╭─ EXTRACTED ENTRIES
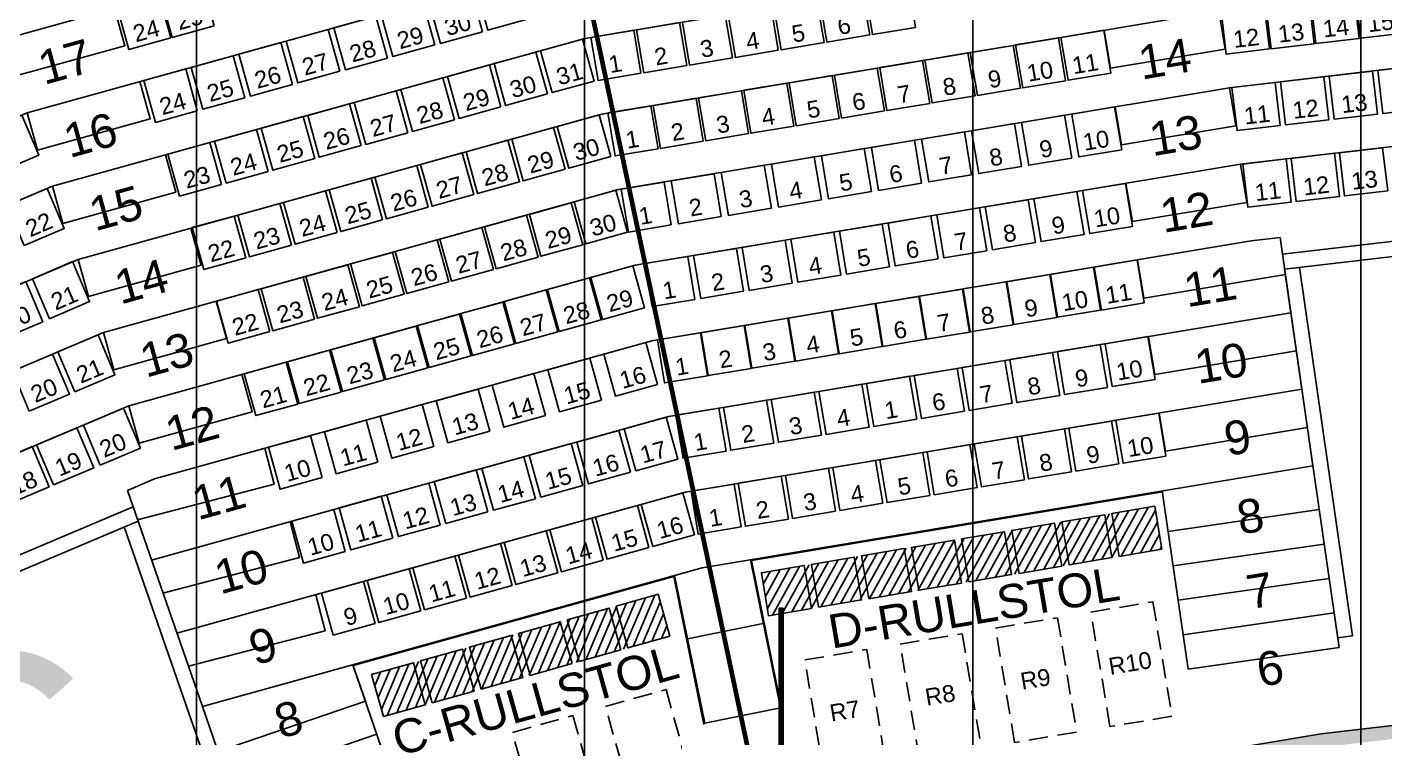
# Model space of a CAD drawing. Header units: millimetres. Extents: x -76108 to 202332, y 27411 to 140378.
# Drawn here: x 90904 to 104948, y 108854 to 116205 of the extents above; entities that cross this region are included whole.
import ezdxf
from ezdxf.enums import TextEntityAlignment as Align

# ---------------------------------------------------------------- set-up
doc = ezdxf.new("R2010")
doc.units = ezdxf.units.MM
doc.header["$LTSCALE"] = 100
doc.linetypes.add('DASHED_2', pattern=[3, 2, -1])
for name, color, linetype in [('A-3311-EA-', 3, 'CONTINUOUS'), ('A-3311-FYLL', 1, 'CONTINUOUS'), ('BELYS_BRYGGA', 7, 'CONTINUOUS'), ('C-RADER', 252, 'CONTINUOUS'), ('C-RADNUMMER', 4, 'CONTINUOUS'), ('C-RULLSTOLSPLATS', 1, 'DASHED_2'), ('C-STOLAR', 1, 'CONTINUOUS'), ('C-STOLAR MEDFÖLJARE', 1, 'CONTINUOUS'), ('C-STOLNUMMER', 7, 'CONTINUOUS'), ('C-TRAPPA', 254, 'CONTINUOUS'), ('D-RADER', 252, 'CONTINUOUS'), ('D-RADNUMMER', 4, 'CONTINUOUS'), ('D-RULLSTOLSPLATS', 1, 'DASHED_2'), ('D-STOLAR', 1, 'CONTINUOUS'), ('D-STOLAR MEDFÖLJARE', 1, 'CONTINUOUS'), ('D-STOLNR RULLSTOLSPLATS', 7, 'CONTINUOUS'), ('D-STOLNUMMER', 7, 'CONTINUOUS'), ('D-TRAPPA', 254, 'CONTINUOUS'), ('LINOR_HÄNG', 40, 'CONTINUOUS'), ('möblering', 42, 'CONTINUOUS'), ('SEKTIONS_NR', 4, 'CONTINUOUS'), ('STOMME', 254, 'CONTINUOUS'), ('U-RADER', 252, 'CONTINUOUS')]:
    doc.layers.add(name, color=color, linetype=linetype)
doc.layers.add('SEKTIONER', color=4, linetype='CONTINUOUS', lineweight=70)
doc.styles.add('ARIAL', font='arial.ttf')

# ---------------------------------------------------------------- blocks, each defined once
blk = doc.blocks.new('KAJ')
at = {"layer": 'A-3311-FYLL'}
h = blk.add_hatch(color=256, dxfattribs=at)
h.paths.add_polyline_path([(-26185, 21995), (-26131, 21865), (-24795, 22427), (-20241, 23691), (-20271, 23827), (-24841, 22560)])
h.paths.add_polyline_path([(-12498, 24885), (-12514, 25024), (-14464, 24796), (-20271, 23827), (-20241, 23691), (-14444, 24658)])
at = {"layer": 'A-3311-EA-'}
for p, q in [((-14464, 24796), (-12514, 25023)), ((-20271, 23827), (-14464, 24796))]:
    blk.add_line(p, q, dxfattribs=at)

msp = doc.modelspace()

# ---------------------------------------------------------------- hatches: boundary and pattern name
at = {"layer": 'möblering'}
h = msp.add_hatch(dxfattribs=at)
h.set_pattern_fill('ANSI31', color=256, scale=25, angle=15.99929, style=0)
h.set_pattern_definition([(60.999295, (985.61, -10988.165), (-69.422466, 38.482618), [])])
h.paths.add_polyline_path([(102567.8, 111249.7), (102642.9, 110806), (98573.7, 110117.2), (98498.5, 110560.9)])
h = msp.add_hatch(dxfattribs=at)
h.set_pattern_fill('ANSI31', color=256, scale=25, angle=22.0259, style=0)
h.set_pattern_definition([(67.0259, (10254.26, -21606.37), (-73.079084, 30.981254), [])])
h.paths.add_polyline_path([(97430, 110338.5), (97551.3, 109905.2), (94588.1, 109075.5), (94466.8, 109508.8)])

# ---------------------------------------------------------------- linework, layer by layer
at = {"layer": 'BELYS_BRYGGA'}
for p, q in [((98681.5, 107463.6), (98681.5, 110193.9)), ((98681.5, 110193.9), (98723.7, 110193.9)), ((98692.1, 107463.6), (98692.1, 110193.9)), ((98702.6, 110193.9), (98702.6, 107463.6)), ((98713.2, 107463.6), (98713.2, 110193.9)), ((98723.7, 107463.6), (98723.7, 110193.9))]:
    msp.add_line(p, q, dxfattribs=at)
at = {"layer": 'C-RADER'}
for p, q in [((90641, 116075), (96327.2, 117652.6)), ((90904, 115317.8), (96500.5, 116870.5)), ((91167.1, 114560.6), (96673.7, 116088.3)), ((85301.1, 112942.7), (90904, 115317.8)), ((91430.1, 113803.3), (96847, 115306.2)), ((85677.3, 112218.3), (91167.1, 114560.6)), ((91693.2, 113046.1), (97020.2, 114524)), ((86047.7, 111505), (91430.1, 113803.3)), ((91956.2, 112288.9), (97193.5, 113741.9)), ((86408.2, 110810.8), (91693.2, 113046.1)), ((92219.3, 111531.6), (97366.7, 112959.7)), ((86778, 110098.8), (91956.2, 112288.9)), ((92190.2, 110693.3), (97539.9, 112177.6)), ((91940, 111413.5), (92219.3, 111531.6)), ((92453.3, 109936.1), (97713.2, 111395.4)), ((92716.4, 109178.9), (97886.4, 110613.3)), ((94276.5, 109601.3), (97593.9, 110521.7))]:
    msp.add_line(p, q, dxfattribs=at)
at = {"layer": 'C-RULLSTOLSPLATS'}
for points in [[(96886.7, 109179.3), (97513.1, 109353.1), (97833.9, 108196.7), (97207.5, 108023)], [(95923.3, 108911.1), (96549.7, 109084.9), (96870.5, 107928.6), (96244.2, 107754.8)]]:
    msp.add_lwpolyline(points, close=True, dxfattribs=at)
at = {"layer": 'C-STOLAR'}
for points in [[(96103.9, 116293.5), (95670.3, 116173.2), (95550, 116606.8), (95983.6, 116727.1)], [(92837.5, 116217.5), (92403.9, 116097.2), (92283.6, 116530.8), (92717.2, 116651.1)], [(95612.5, 116157.1), (95178.9, 116036.8), (95058.6, 116470.5), (95492.2, 116590.8)], [(92389.5, 116093.1), (91955.8, 115972.8), (91835.5, 116406.5), (92269.2, 116526.8)], [(95121.1, 116020.8), (94687.5, 115900.5), (94567.2, 116334.1), (95000.8, 116454.4)], [(94629.6, 115884.4), (94196, 115764.1), (94075.7, 116197.8), (94509.3, 116318.1)], [(94138.2, 115748.1), (93704.6, 115627.8), (93584.3, 116061.4), (94017.9, 116181.7)], [(93646.8, 115611.8), (93213.1, 115491.5), (93092.8, 115925.1), (93526.5, 116045.4)], [(96768.6, 115647.7), (96335, 115527.4), (96214.7, 115961), (96648.3, 116081.3)], [(93155.3, 115475.4), (92721.7, 115355.1), (92601.4, 115788.7), (93035, 115909)], [(96286.8, 115514), (95853.2, 115393.7), (95732.9, 115827.3), (96166.5, 115947.6)], [(92663.9, 115339.1), (92230.3, 115218.8), (92110, 115652.4), (92543.6, 115772.7)], [(95805, 115380.3), (95371.4, 115260), (95251.1, 115693.6), (95684.7, 115813.9)], [(95323.2, 115246.7), (94889.6, 115126.4), (94769.3, 115560), (95202.9, 115680.3)], [(94841.4, 115113), (94407.8, 114992.7), (94287.5, 115426.3), (94721.1, 115546.6)], [(94359.6, 114979.3), (93926, 114859), (93805.7, 115292.6), (94239.3, 115412.9)], [(90608.7, 114703.9), (91023, 114879.6), (90847.4, 115293.9), (90433.1, 115118.2)], [(93877.8, 114845.6), (93444.2, 114725.3), (93323.9, 115159), (93757.5, 115279.3)], [(96469.7, 114734.5), (96036.1, 114614.2), (95915.8, 115047.8), (96349.4, 115168.1)], [(96941.9, 114865.5), (96508.3, 114745.2), (96387.9, 115178.8), (96821.6, 115299.1)], [(93396, 114712), (92962.4, 114591.7), (92842.1, 115025.3), (93275.7, 115145.6)], [(95997.5, 114603.5), (95563.9, 114483.2), (95443.6, 114916.8), (95877.2, 115037.1)], [(92914.2, 114578.3), (92480.6, 114458), (92360.3, 114891.6), (92793.9, 115011.9)], [(95525.4, 114472.5), (95091.8, 114352.2), (94971.5, 114785.8), (95405.1, 114906.1)], [(95053.2, 114341.5), (94619.6, 114221.2), (94499.3, 114654.8), (94932.9, 114775.1)], [(94581.1, 114210.5), (94147.4, 114090.2), (94027.1, 114523.8), (94460.7, 114644.1)], [(90873.2, 113946.1), (91287, 114122.8), (91110.4, 114536.6), (90696.5, 114360)], [(94108.9, 114079.5), (93675.3, 113959.2), (93555, 114392.8), (93988.6, 114513.2)], [(97115.1, 114083.4), (96681.5, 113963.1), (96561.2, 114396.7), (96994.8, 114517)], [(93636.7, 113948.5), (93203.1, 113828.2), (93082.8, 114261.8), (93516.4, 114382.2)], [(96652.6, 113955), (96219, 113834.7), (96098.7, 114268.4), (96532.3, 114388.7)], [(93164.6, 113817.5), (92730.9, 113697.2), (92610.6, 114130.9), (93044.3, 114251.2)], [(96190.1, 113826.7), (95756.4, 113706.4), (95636.1, 114140), (96069.8, 114260.3)], [(95727.5, 113698.4), (95293.9, 113578.1), (95173.6, 114011.7), (95607.2, 114132)], [(95265, 113570.1), (94831.4, 113449.8), (94711.1, 113883.4), (95144.7, 114003.7)], [(91136.4, 113188.8), (91550.2, 113365.6), (91373.5, 113779.4), (90959.6, 113602.7)], [(94802.5, 113441.7), (94368.9, 113321.4), (94248.6, 113755.1), (94682.2, 113875.4)], [(94339.9, 113313.4), (93906.3, 113193.1), (93786, 113626.7), (94219.6, 113747)], [(97288.4, 113301.2), (96854.7, 113180.9), (96734.4, 113614.5), (97168.1, 113734.8)], [(90651.7, 112981.8), (91065.6, 113158.6), (90888.8, 113572.4), (90475, 113395.7)], [(93414.9, 113056.8), (92981.3, 112936.5), (92861, 113370.1), (93294.6, 113490.4)], [(93877.4, 113185.1), (93443.8, 113064.8), (93323.5, 113498.4), (93757.1, 113618.7)], [(96392.2, 113052.6), (95958.6, 112932.3), (95838.3, 113365.9), (96271.9, 113486.2)], [(96840.3, 113176.9), (96406.7, 113056.6), (96286.4, 113490.2), (96720, 113610.5)], [(95944.1, 112928.3), (95510.5, 112808), (95390.2, 113241.6), (95823.8, 113361.9)], [(95496.1, 112804), (95062.4, 112683.6), (94942.1, 113117.3), (95375.8, 113237.6)], [(95048, 112679.6), (94614.4, 112559.3), (94494.1, 112993), (94927.7, 113113.3)], [(91397.4, 112432.4), (91811.8, 112607.7), (91636.5, 113022.2), (91222.1, 112846.9)], [(94599.9, 112555.3), (94166.3, 112435), (94046, 112868.6), (94479.6, 112988.9)], [(97423.1, 112508.4), (96989.4, 112388.1), (96869.1, 112821.7), (97302.8, 112942)], [(90925.8, 112233), (91340.3, 112408.3), (91165, 112822.7), (90750.5, 112647.4)], [(94151.8, 112431), (93718.2, 112310.7), (93597.9, 112744.3), (94031.5, 112864.6)], [(96844.9, 112348), (96411.3, 112227.7), (96291, 112661.3), (96724.6, 112781.6)], [(93703.8, 112306.7), (93270.1, 112186.4), (93149.8, 112620), (93583.5, 112740.3)], [(96266.7, 112187.6), (95833.1, 112067.2), (95712.8, 112500.9), (96146.4, 112621.2)], [(95688.6, 112027.1), (95255, 111906.8), (95134.7, 112340.5), (95568.3, 112460.8)], [(91660.4, 111675.2), (92074.9, 111850.5), (91899.6, 112264.9), (91485.1, 112089.6)], [(95110.4, 111866.7), (94676.8, 111746.4), (94556.5, 112180.1), (94990.1, 112300.4)], [(94532.3, 111706.3), (94098.6, 111586), (93978.3, 112019.7), (94412, 112140)], [(97634.9, 111736.9), (97201.2, 111616.6), (97080.9, 112050.2), (97514.5, 112170.5)], [(91177.2, 111470.8), (91591.7, 111646.1), (91416.4, 112060.6), (91001.9, 111885.3)], [(93954.1, 111545.9), (93520.5, 111425.6), (93400.2, 111859.2), (93833.8, 111979.5)], [(97143.4, 111600.6), (96709.8, 111480.3), (96589.5, 111913.9), (97023.1, 112034.2)], [(90716.7, 111276), (91131.1, 111451.3), (90955.9, 111865.8), (90541.4, 111690.5)], [(96652, 111464.2), (96218.4, 111343.9), (96098.1, 111777.5), (96531.7, 111897.8)], [(96160.5, 111327.9), (95726.9, 111207.6), (95606.6, 111641.2), (96040.2, 111761.5)], [(95669.1, 111191.5), (95235.5, 111071.2), (95115.2, 111504.8), (95548.8, 111625.1)], [(95177.7, 111055.2), (94744, 110934.9), (94623.7, 111368.5), (95057.4, 111488.8)], [(97808.1, 110954.7), (97374.5, 110834.4), (97254.2, 111268.1), (97687.8, 111388.4)], [(94686.2, 110918.8), (94252.6, 110798.5), (94132.3, 111232.2), (94565.9, 111352.5)], [(97335.9, 110823.8), (96902.3, 110703.4), (96782, 111137.1), (97215.6, 111257.4)], [(94194.8, 110782.5), (93761.2, 110662.2), (93640.9, 111095.8), (94074.5, 111216.1)], [(96863.8, 110692.8), (96430.1, 110572.4), (96309.8, 111006.1), (96743.5, 111126.4)], [(96391.6, 110561.8), (95958, 110441.5), (95837.7, 110875.1), (96271.3, 110995.4)], [(95919.4, 110430.8), (95485.8, 110310.5), (95365.5, 110744.1), (95799.1, 110864.4)], [(95447.3, 110299.8), (95013.7, 110179.5), (94893.3, 110613.1), (95327, 110733.4)], [(94975.1, 110168.8), (94541.5, 110048.5), (94421.2, 110482.1), (94854.8, 110602.4)], [(94502.9, 110037.8), (94069.3, 109917.5), (93949, 110351.1), (94382.6, 110471.4)]]:
    msp.add_lwpolyline(points, close=True, dxfattribs=at)
at = {"layer": 'C-STOLAR MEDFÖLJARE'}
for points in [[(97551.3, 109905.2), (97118, 109783.8), (96996.7, 110217.1), (97430, 110338.5)], [(97045.8, 109763.6), (96612.5, 109642.2), (96491.1, 110075.5), (96924.4, 110196.9)], [(96540.3, 109621.9), (96106.9, 109500.6), (95985.6, 109933.9), (96418.9, 110055.3)], [(95599.2, 109358.6), (96032.6, 109479.9), (95911.2, 109913.3), (95477.9, 109791.9)], [(95093.7, 109217.1), (95527, 109338.4), (95405.7, 109771.7), (94972.4, 109650.4)], [(94588.1, 109075.5), (95021.5, 109196.8), (94900.1, 109630.2), (94466.8, 109508.8)]]:
    msp.add_lwpolyline(points, close=True, dxfattribs=at)
at = {"layer": 'C-TRAPPA'}
for p, q in [((91940, 111413.5), (92716.4, 109178.9)), ((91907.3, 111035.2), (92573.2, 109118.6)), ((94869.8, 107872.1), (94273.2, 109610.8)), ((92716.4, 109178.9), (93351.4, 107351.1)), ((92573.2, 109118.6), (93172, 107395.2)), ((92997, 108371.3), (94519.3, 108893.6))]:
    msp.add_line(p, q, dxfattribs=at)
for points in [[(91807.4, 116398.6), (91914.3, 116013.2), (90747.9, 115689.6), (90641, 116075)], [(92070.4, 115641.4), (92177.3, 115256), (91011, 114932.4), (90904, 115317.8)], [(92333.5, 114884.2), (92440.4, 114498.7), (91274, 114175.1), (91167.1, 114560.6)], [(92596.5, 114126.9), (92703.4, 113741.5), (91537.1, 113417.9), (91430.1, 113803.3)], [(92859.6, 113369.7), (92966.5, 112984.3), (91800.1, 112660.7), (91693.2, 113046.1)], [(93122.6, 112612.5), (93229.5, 112227), (92063.2, 111903.4), (91956.2, 112288.9)], [(92045.4, 111110.1), (93458.5, 111477.4), (93362, 111848.7)], [(87508.5, 109343.1), (91999.4, 111242.5)], [(87580.1, 109205.2), (92050.4, 111095.7)], [(92308.7, 110352.1), (93721.9, 110719.5), (93625.2, 111091.4)], [(92572.1, 109594.2), (93985.2, 109961.6), (93888.3, 110334.2)], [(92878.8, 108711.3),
╰─
> [PROBLEM DESCRIPTION] Your answer must be the count of lines in the data that contain "ezdxf", with no added words.

> [ANSWER FOR THIS EXERCISE] 4